第7章 邂逅 06

 
 豪華な馬車に乗った私とジークさんは、ついに王城にやって来た。
 魔法でリュシーさんに変身した私は、リュシーさんが持っていたドレスを身に着け、長い髪をアップして、ジークさんの瞳の色の宝石が入った髪飾りとネックレスを付けていた。
 化粧もバッチリした。
 美人さんは何もしなくても美人だが、化粧をすると更に美しくなるのだな、と鏡を見て思ったものだ。

「うわぁ〜……」
 馬車の中から外を覗くと、家紋が入った馬車が続々と城門の中に入っていくのが見えた。
 そろそろ馬車から降りなければならないという前に、私はずっと手の中に持っていたモノに視線を落とした。


 それは、昨日買い物をしている時に買った黒い眼帯であった。


 眼帯を右目に当てて、髪型が崩れない様に頭の後ろで紐を結ぶ。
 顔を上げると、ジークさんと目が合った。
「どうです?」
「なんか、不思議な感じがする」
 ジークさんは右目に黒い眼帯をした私を見て、苦笑した。
 2人でクスクス笑い合いながら、眼帯が落ちてこないか確認していると――馬車の揺れが止まった。
「着いたようだ。――それじゃあ、行こうか」
「はい」
 ジークさんは外にいた人物が開けた扉から先に出ると、スッと私に右手を差し出した。


「お手をどうぞ、我が姫」


 足元にお気を付け下さい、と言うジークさん……いや、ジークに、私は顔が赤くなった。
 リュシーさんに対して述べている言葉なのだと、頭では分かってはいるのだが……こんなカッコいい少年に、自分の目を見ながらそんな事を言われたら、勘違いしてしまいそうだ。
 ふしゅぅぅーっと音が出そうなほど顔を赤くした私は、ジークの顔と差し出された手とを交互に見ながら、ゆっくりと彼の手に自分の手を重ねた。
 手を引かれ、腰にもそっと手を添えられる様にして馬車から降ろしてもらうと、ジークは私の手を自分の左腕に絡ませた。
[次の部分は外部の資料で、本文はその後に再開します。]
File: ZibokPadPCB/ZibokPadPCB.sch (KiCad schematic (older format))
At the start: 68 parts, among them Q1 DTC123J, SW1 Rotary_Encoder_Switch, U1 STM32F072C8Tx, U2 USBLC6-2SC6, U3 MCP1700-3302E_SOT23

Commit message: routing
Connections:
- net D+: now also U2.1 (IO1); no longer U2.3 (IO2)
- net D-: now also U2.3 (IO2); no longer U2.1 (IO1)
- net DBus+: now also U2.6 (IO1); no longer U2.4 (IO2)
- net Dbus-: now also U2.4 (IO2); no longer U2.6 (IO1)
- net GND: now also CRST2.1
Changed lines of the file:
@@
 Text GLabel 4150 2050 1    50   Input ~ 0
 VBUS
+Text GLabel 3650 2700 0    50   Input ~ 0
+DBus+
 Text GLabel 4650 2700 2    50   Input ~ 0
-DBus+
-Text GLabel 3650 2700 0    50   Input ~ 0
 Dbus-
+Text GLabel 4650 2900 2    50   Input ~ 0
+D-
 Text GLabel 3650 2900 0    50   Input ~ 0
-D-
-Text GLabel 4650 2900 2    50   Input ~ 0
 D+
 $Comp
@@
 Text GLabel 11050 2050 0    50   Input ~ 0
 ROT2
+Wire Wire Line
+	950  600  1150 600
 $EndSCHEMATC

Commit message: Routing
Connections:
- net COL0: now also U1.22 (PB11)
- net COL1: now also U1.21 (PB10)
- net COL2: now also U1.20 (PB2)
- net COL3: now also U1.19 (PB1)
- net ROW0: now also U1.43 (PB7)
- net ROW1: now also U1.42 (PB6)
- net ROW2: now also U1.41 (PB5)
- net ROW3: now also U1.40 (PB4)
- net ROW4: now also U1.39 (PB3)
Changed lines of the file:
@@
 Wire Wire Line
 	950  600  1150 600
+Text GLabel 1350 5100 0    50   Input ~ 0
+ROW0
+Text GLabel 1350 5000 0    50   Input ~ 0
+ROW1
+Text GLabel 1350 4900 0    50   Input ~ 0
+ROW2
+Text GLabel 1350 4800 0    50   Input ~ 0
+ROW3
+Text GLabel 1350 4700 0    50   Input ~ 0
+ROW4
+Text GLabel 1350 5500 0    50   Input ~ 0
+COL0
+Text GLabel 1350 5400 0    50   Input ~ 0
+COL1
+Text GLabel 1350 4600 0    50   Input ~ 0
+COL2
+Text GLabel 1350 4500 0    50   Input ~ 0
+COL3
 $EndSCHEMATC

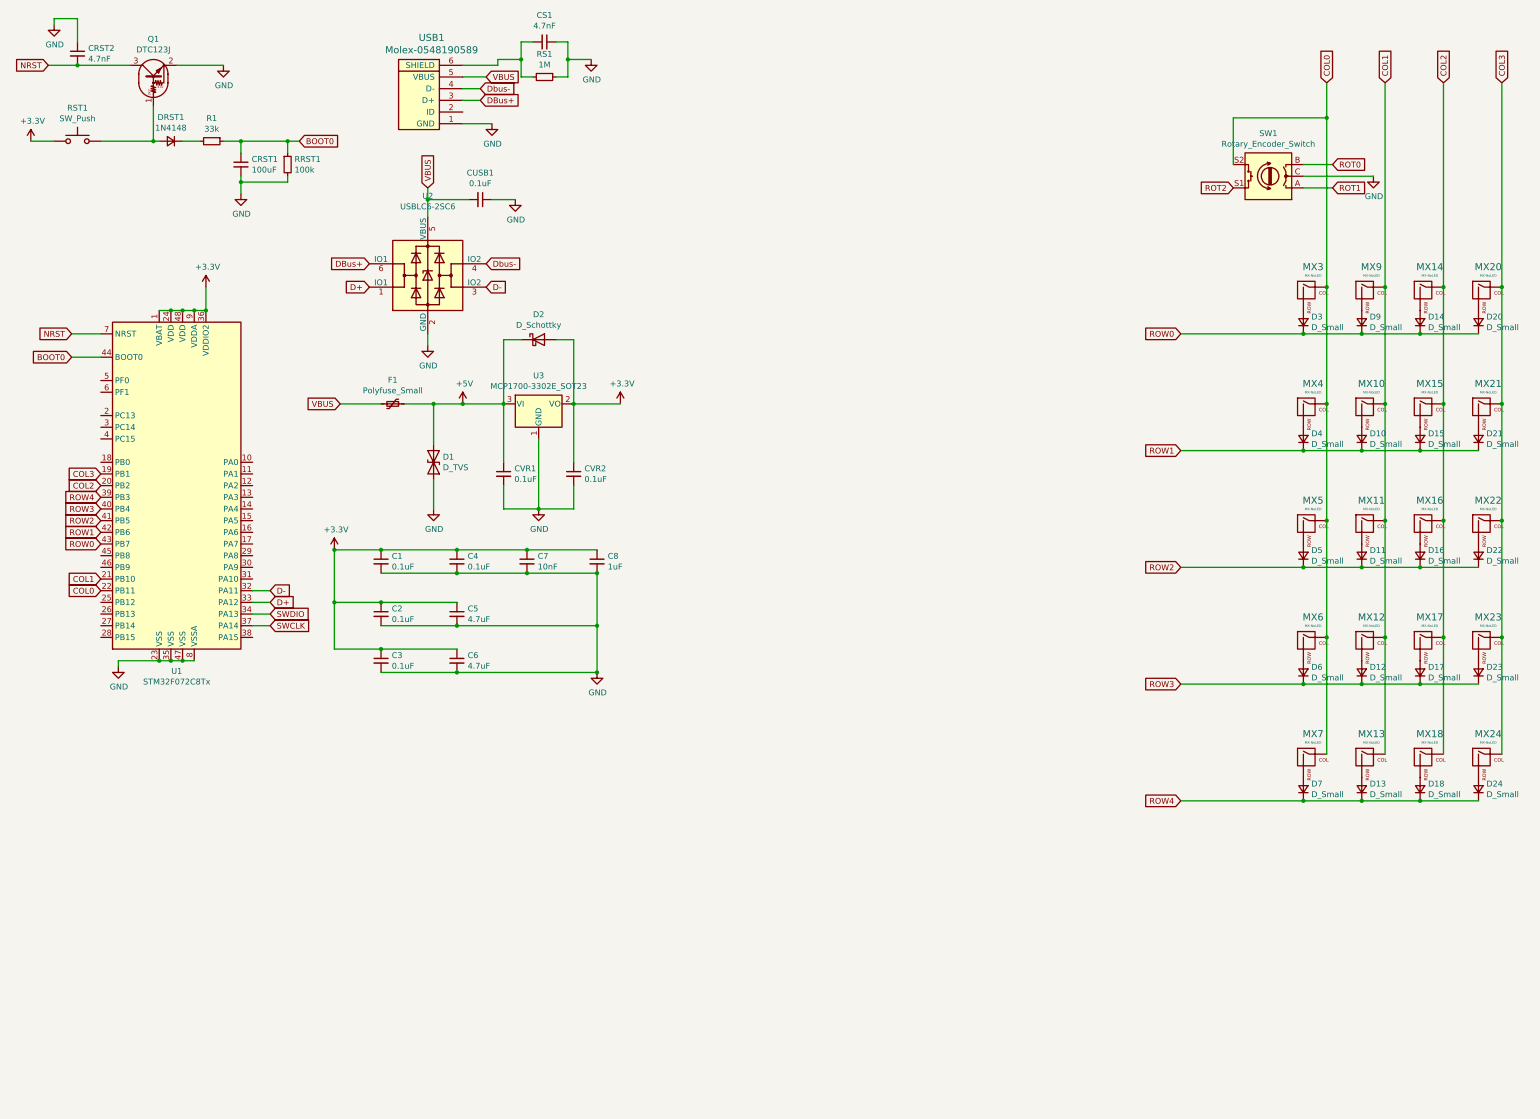
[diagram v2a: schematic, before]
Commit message: led work start
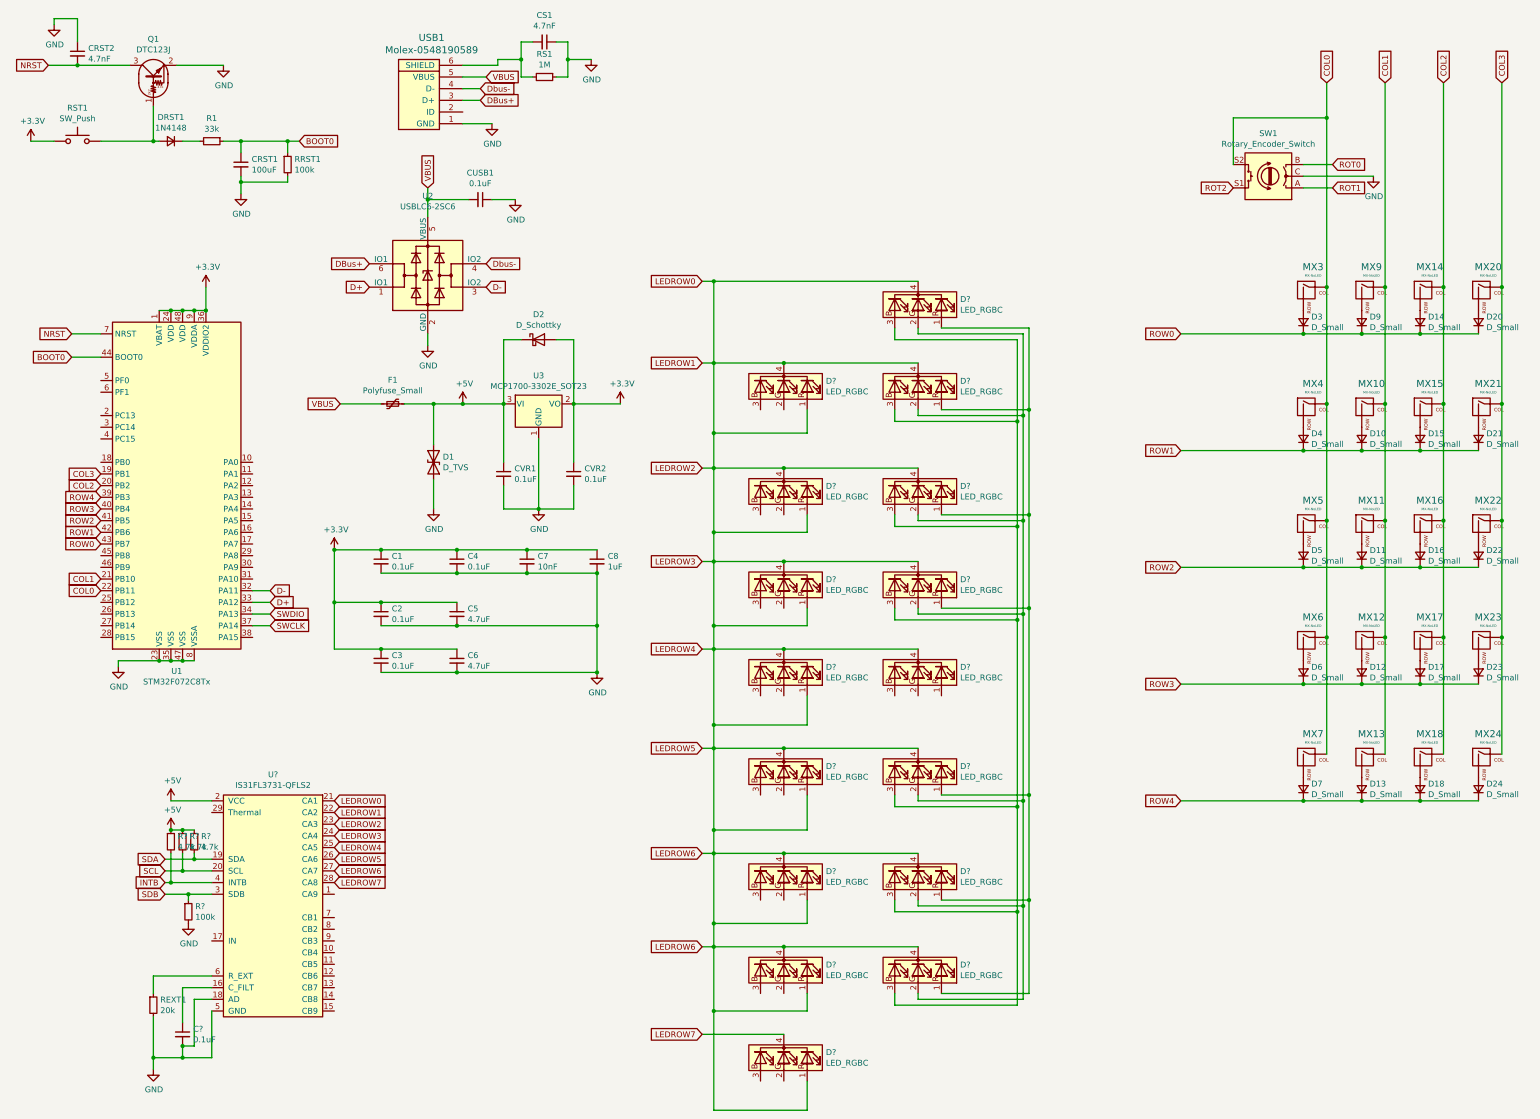
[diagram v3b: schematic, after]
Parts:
- added C?: 0.1uF, symbol Device:C_Small
- added D? (x16): LED_RGBC, symbol Device:LED_RGBC
- added R?: 100k, symbol Device:R_Small
- added R? (x3): 4.7k, symbol Device:R_Small
- added REXT1: 20k, symbol Device:R_Small
- added U?: IS31FL3731-QFLS2, symbol random-keyboard-parts:IS31FL3731-QFLS2
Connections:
- net +5V: now also R?.1, R?.1, R?.1, U?.2 (VCC)
- net GND: now also C?.2, R?.2, REXT1.2, U?.18 (AD), U?.5 (GND)
- new net: C?.1, U?.16 (C_FILT)
- new net: REXT1.1, U?.6 (R_EXT)
- new net: D?.1 (RA), D?.1 (RA), D?.1 (RA), D?.1 (RA), D?.1 (RA), D?.1 (RA), D?.1 (RA)
- new net: D?.2 (GA), D?.2 (GA), D?.2 (GA), D?.2 (GA), D?.2 (GA), D?.2 (GA), D?.2 (GA)
- new net: D?.3 (BA), D?.3 (BA), D?.3 (BA), D?.3 (BA), D?.3 (BA), D?.3 (BA), D?.3 (BA)
- new net INTB: R?.2, U?.4 (INTB)
- new net LEDROW0: D?.1 (RA), D?.1 (RA), D?.1 (RA), D?.1 (RA), D?.1 (RA), D?.1 (RA), D?.1 (RA), D?.1 (RA), D?.4 (K), D?.4 (K), D?.4 (K), D?.4 (K), D?.4 (K), D?.4 (K), D?.4 (K), D?.4 (K), D?.4 (K), D?.4 (K), D?.4 (K), D?.4 (K), D?.4 (K), D?.4 (K), D?.4 (K), U?.21 (CA1), U?.22 (CA2), U?.23 (CA3), U?.24 (CA4), U?.25 (CA5), U?.26 (CA6), U?.27 (CA7)
- new net LEDROW7: D?.4 (K), U?.28 (CA8)
- new net SCL: R?.2, U?.20 (SCL)
- new net SDA: R?.2, U?.19 (SDA)
- new net SDB: R?.1, U?.3 (SDB)

それから、ゆっくりと歩き出す。
 ギクシャクしながら歩いていると、隣から笑い声が聞こえた。
 顔を横に向けると、ジークが笑いながら私を見ていた。
「何笑ってんのさ」
「いや、なんでもない」
 ジークはクスクス笑い続ける。
 意味が分からずムッとしていると、ジークに「未来では城に来た事なかったの?」と聞かれた。
「ないよ」
「どうして? 話を聞けば、リュシーナが君の後見人に付いているんだろう? そうであれば、1度くらいは王城に上がる機会があったはずだけど」
「確かに、王城に行ってみますかと聞かれた事があったけど、断ったの」
「断った?」
「うん。私、王族とか貴族ってよく分からないんだけど……」
 ふと思い出すのは、年齢不詳の母である。
 私は驚くジークの顔を見ながらこう言った。


「うちの母さんがハマッて見ている『韓流ドラマ』って言うものの中に、韓国王朝時代の話があってね? その中で、王の寵愛を奪い合ったりする側室達や、権力を我が物にしようとする官吏達のドロドロとした話があるの。それで、王族や貴族は何時も毒殺事件や刺客に命を狙われたりしていたり、侍女や下男であれば権力抗争に巻き込まれて命を落とす話が多かったんだよね。――私が読んでるトリップものの小説にある様な、主人公が綺麗に着飾って王城に行って、カッコいい王子様や騎士なんかとダンスして恋に落ちて、はい終わり。ってな事はまず無いわけ」


 そう、母さんが良く見ている『韓ドラ』で、王宮――王城では、海千山千の魑魅魍魎が跋扈(ばっこ)する場所なのだと勉強していた私は、未来では「そんな所には行きません」と断っていた。
 勿論、零のお母さんもうちの母と共に『韓ドラ』を一緒になって見ていたので、零も「あんな面倒そうな所には行きたくない」と言って断っていた。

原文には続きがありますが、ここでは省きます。